* _WHAT YOU ARE ASKED TO DO_
Below are the entries; tally the lines holding the string "Driver" and give only that figure.

Data records:
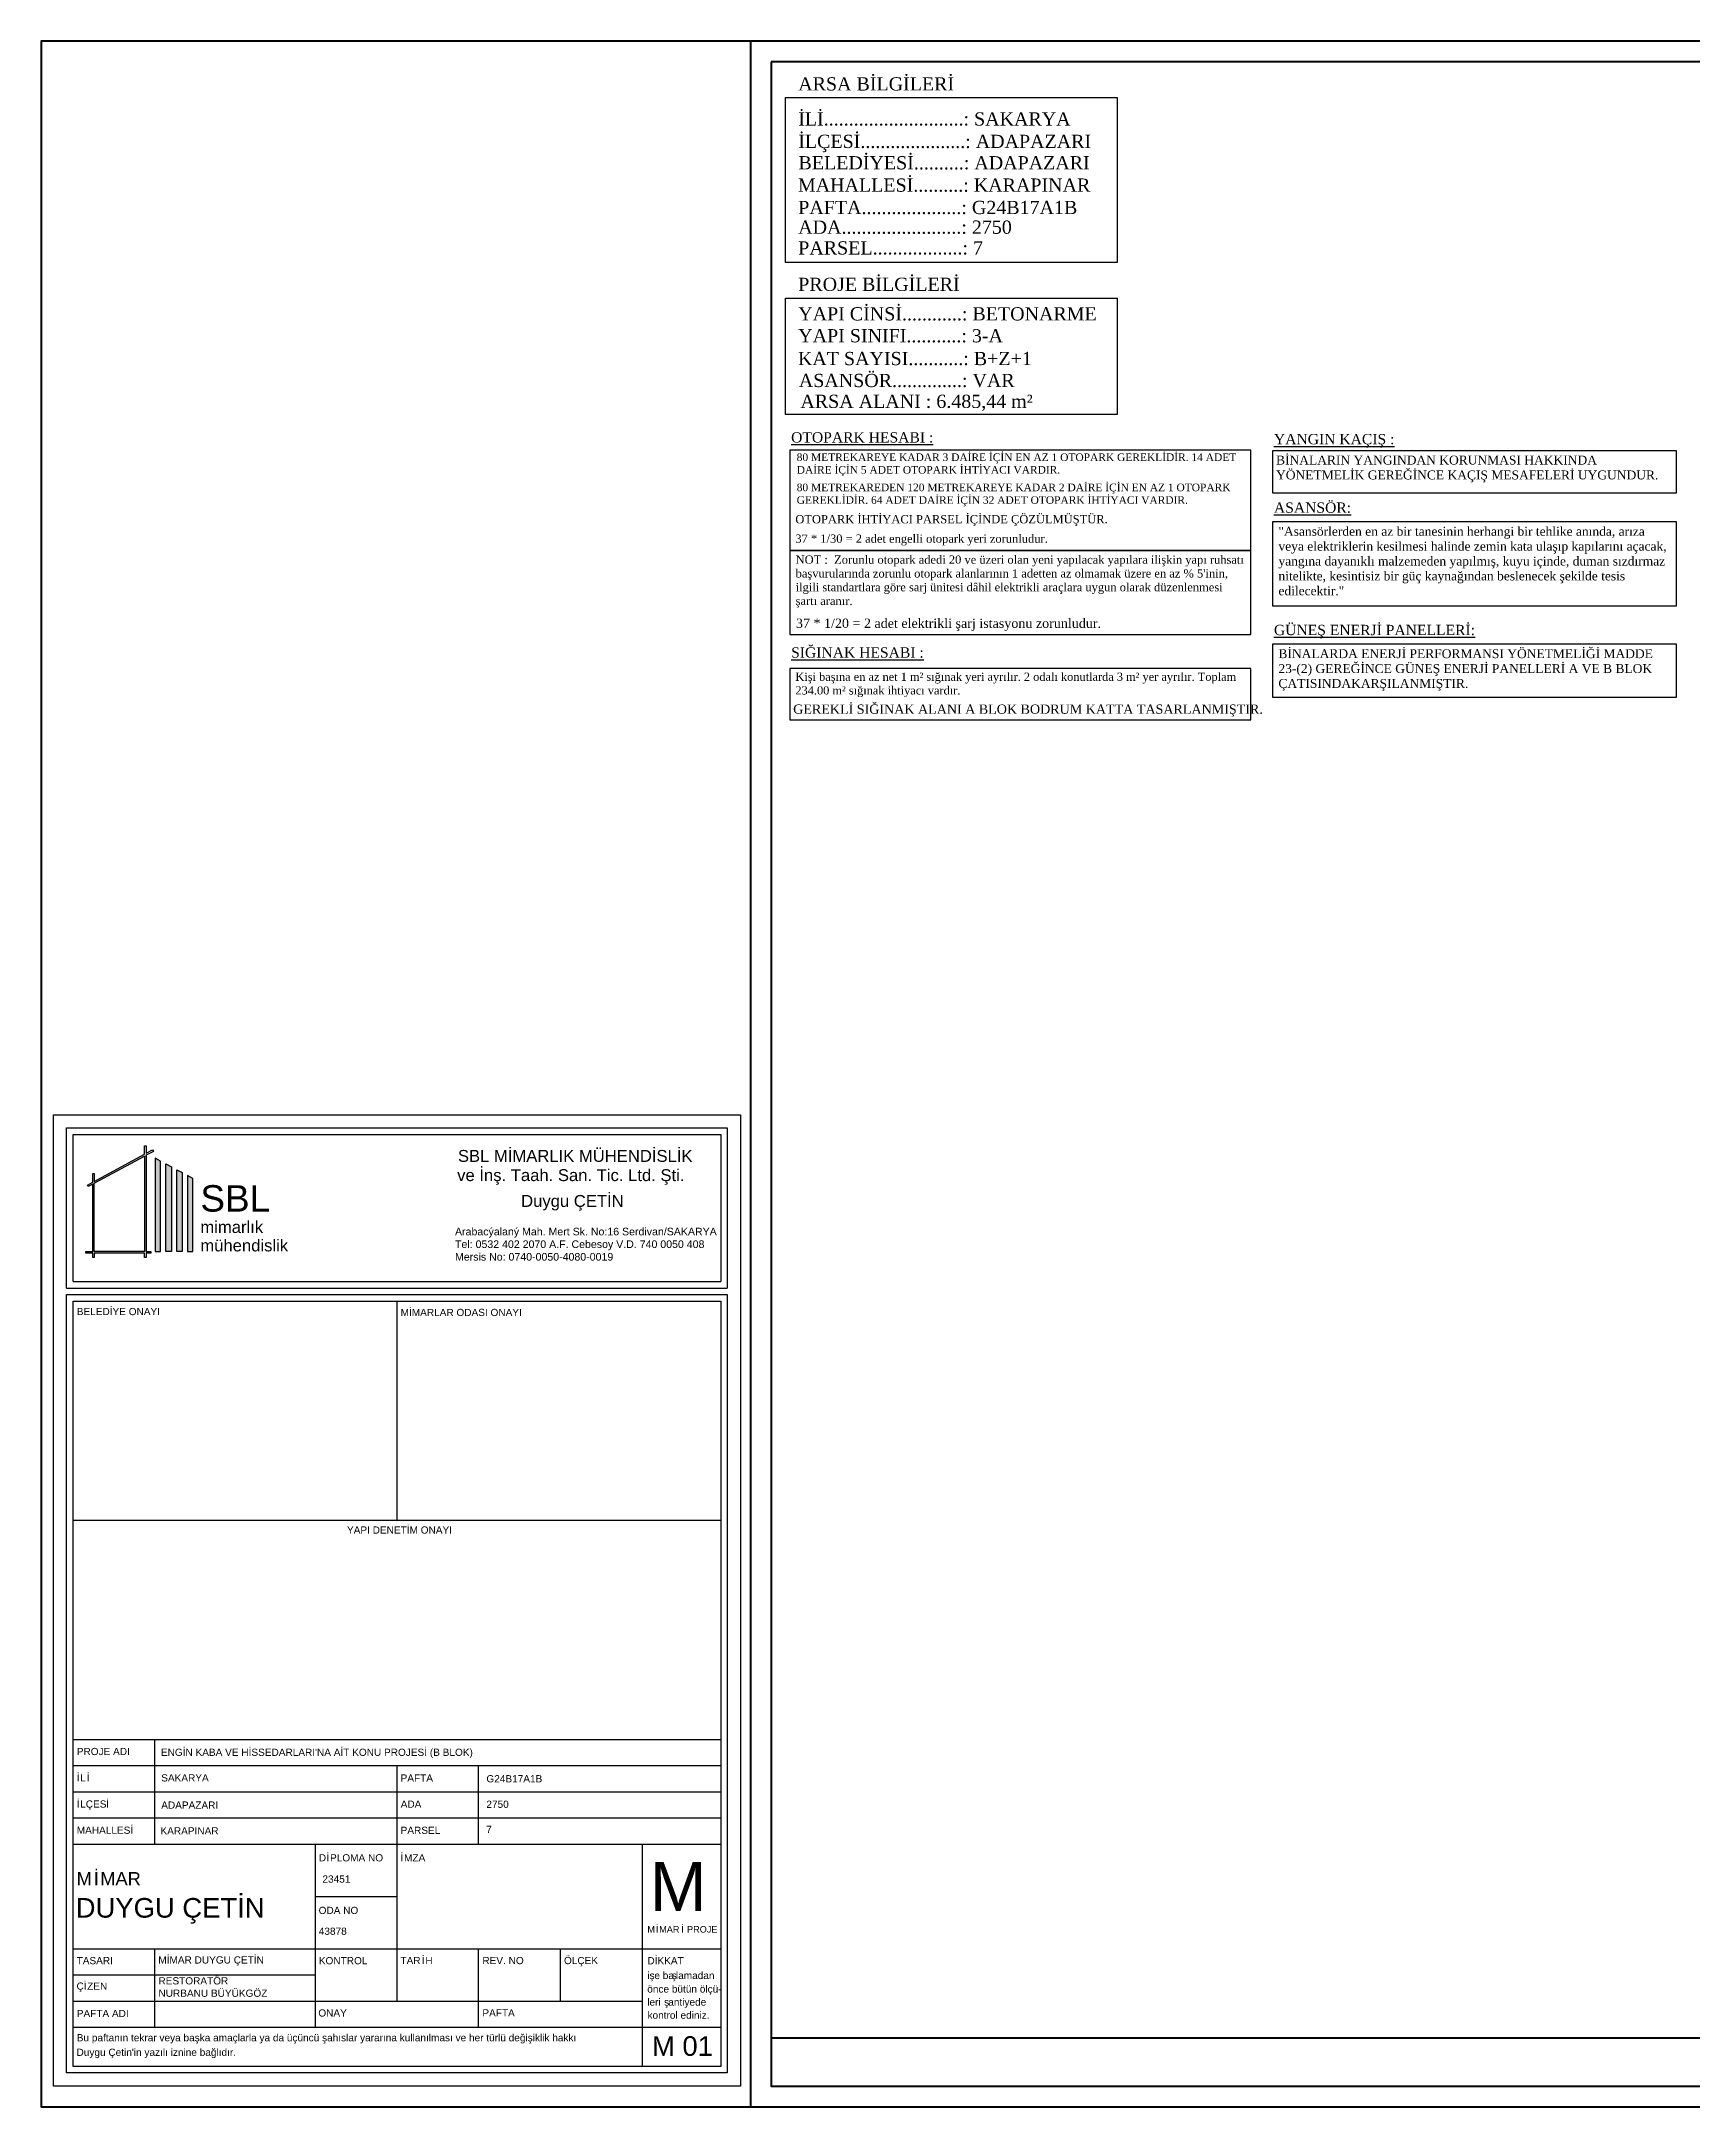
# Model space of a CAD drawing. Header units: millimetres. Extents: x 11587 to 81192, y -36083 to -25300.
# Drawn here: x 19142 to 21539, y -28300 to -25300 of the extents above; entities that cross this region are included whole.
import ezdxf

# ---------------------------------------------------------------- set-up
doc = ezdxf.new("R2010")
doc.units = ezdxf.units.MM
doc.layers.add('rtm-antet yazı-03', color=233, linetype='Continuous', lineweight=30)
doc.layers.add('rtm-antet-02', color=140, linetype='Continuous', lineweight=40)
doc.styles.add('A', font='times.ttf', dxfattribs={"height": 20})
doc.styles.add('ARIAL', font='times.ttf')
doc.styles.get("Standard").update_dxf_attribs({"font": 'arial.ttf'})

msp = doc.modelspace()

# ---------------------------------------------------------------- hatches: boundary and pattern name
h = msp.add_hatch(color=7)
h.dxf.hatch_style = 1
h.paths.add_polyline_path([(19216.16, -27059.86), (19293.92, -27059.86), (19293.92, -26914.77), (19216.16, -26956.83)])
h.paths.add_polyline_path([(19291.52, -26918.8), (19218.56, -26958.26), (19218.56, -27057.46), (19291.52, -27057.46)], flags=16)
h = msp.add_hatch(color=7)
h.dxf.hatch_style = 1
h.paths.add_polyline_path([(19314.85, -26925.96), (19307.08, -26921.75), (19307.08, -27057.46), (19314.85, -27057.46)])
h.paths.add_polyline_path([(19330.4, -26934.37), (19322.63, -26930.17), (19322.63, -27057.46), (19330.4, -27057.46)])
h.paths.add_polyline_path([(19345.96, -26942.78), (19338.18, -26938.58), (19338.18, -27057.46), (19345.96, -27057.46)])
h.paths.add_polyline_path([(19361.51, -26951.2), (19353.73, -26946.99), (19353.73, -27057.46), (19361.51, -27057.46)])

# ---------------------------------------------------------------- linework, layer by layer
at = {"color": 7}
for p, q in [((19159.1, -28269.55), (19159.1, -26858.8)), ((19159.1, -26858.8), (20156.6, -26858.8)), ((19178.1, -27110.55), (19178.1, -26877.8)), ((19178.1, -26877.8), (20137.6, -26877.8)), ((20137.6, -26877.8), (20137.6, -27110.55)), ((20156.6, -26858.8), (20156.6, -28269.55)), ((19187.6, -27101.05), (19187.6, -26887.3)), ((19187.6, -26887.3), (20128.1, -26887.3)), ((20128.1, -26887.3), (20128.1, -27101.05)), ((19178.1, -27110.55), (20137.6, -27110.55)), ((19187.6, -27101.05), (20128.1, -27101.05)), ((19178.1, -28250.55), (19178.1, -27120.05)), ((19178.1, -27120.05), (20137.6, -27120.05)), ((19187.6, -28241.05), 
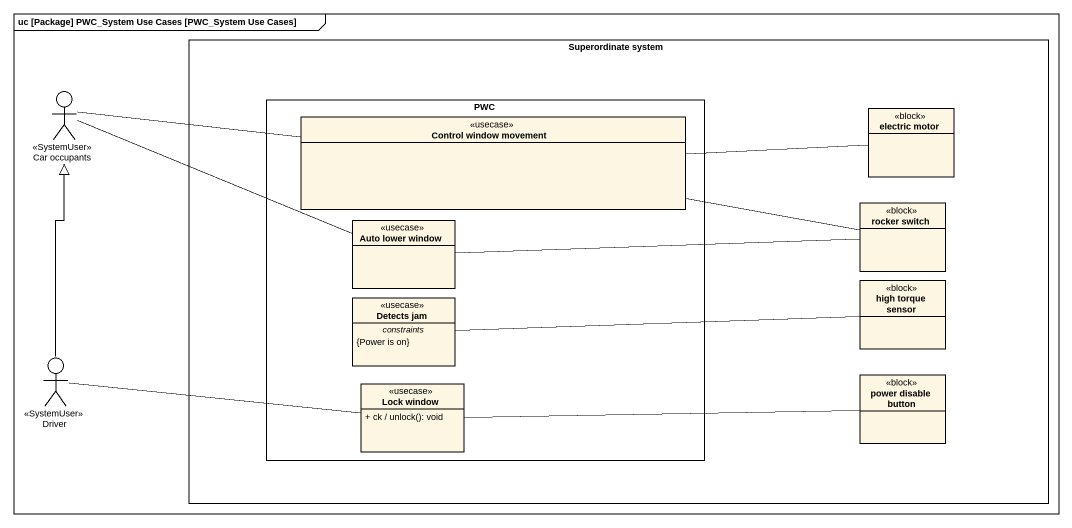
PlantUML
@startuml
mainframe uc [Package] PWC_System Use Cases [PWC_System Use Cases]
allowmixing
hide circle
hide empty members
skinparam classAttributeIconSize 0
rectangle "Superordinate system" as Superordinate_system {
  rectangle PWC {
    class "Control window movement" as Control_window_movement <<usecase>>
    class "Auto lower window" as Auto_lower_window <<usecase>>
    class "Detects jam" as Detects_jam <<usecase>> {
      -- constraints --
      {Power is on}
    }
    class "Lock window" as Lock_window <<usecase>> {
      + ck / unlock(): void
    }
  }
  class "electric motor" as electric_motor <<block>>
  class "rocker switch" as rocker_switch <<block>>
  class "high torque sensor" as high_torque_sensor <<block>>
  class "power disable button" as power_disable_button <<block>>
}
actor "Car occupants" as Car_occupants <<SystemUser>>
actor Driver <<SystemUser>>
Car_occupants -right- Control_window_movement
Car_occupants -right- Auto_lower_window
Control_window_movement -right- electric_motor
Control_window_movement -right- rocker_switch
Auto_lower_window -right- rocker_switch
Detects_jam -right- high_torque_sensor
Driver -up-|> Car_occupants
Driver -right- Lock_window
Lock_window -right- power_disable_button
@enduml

* _EXERCISE SOLUTION_
3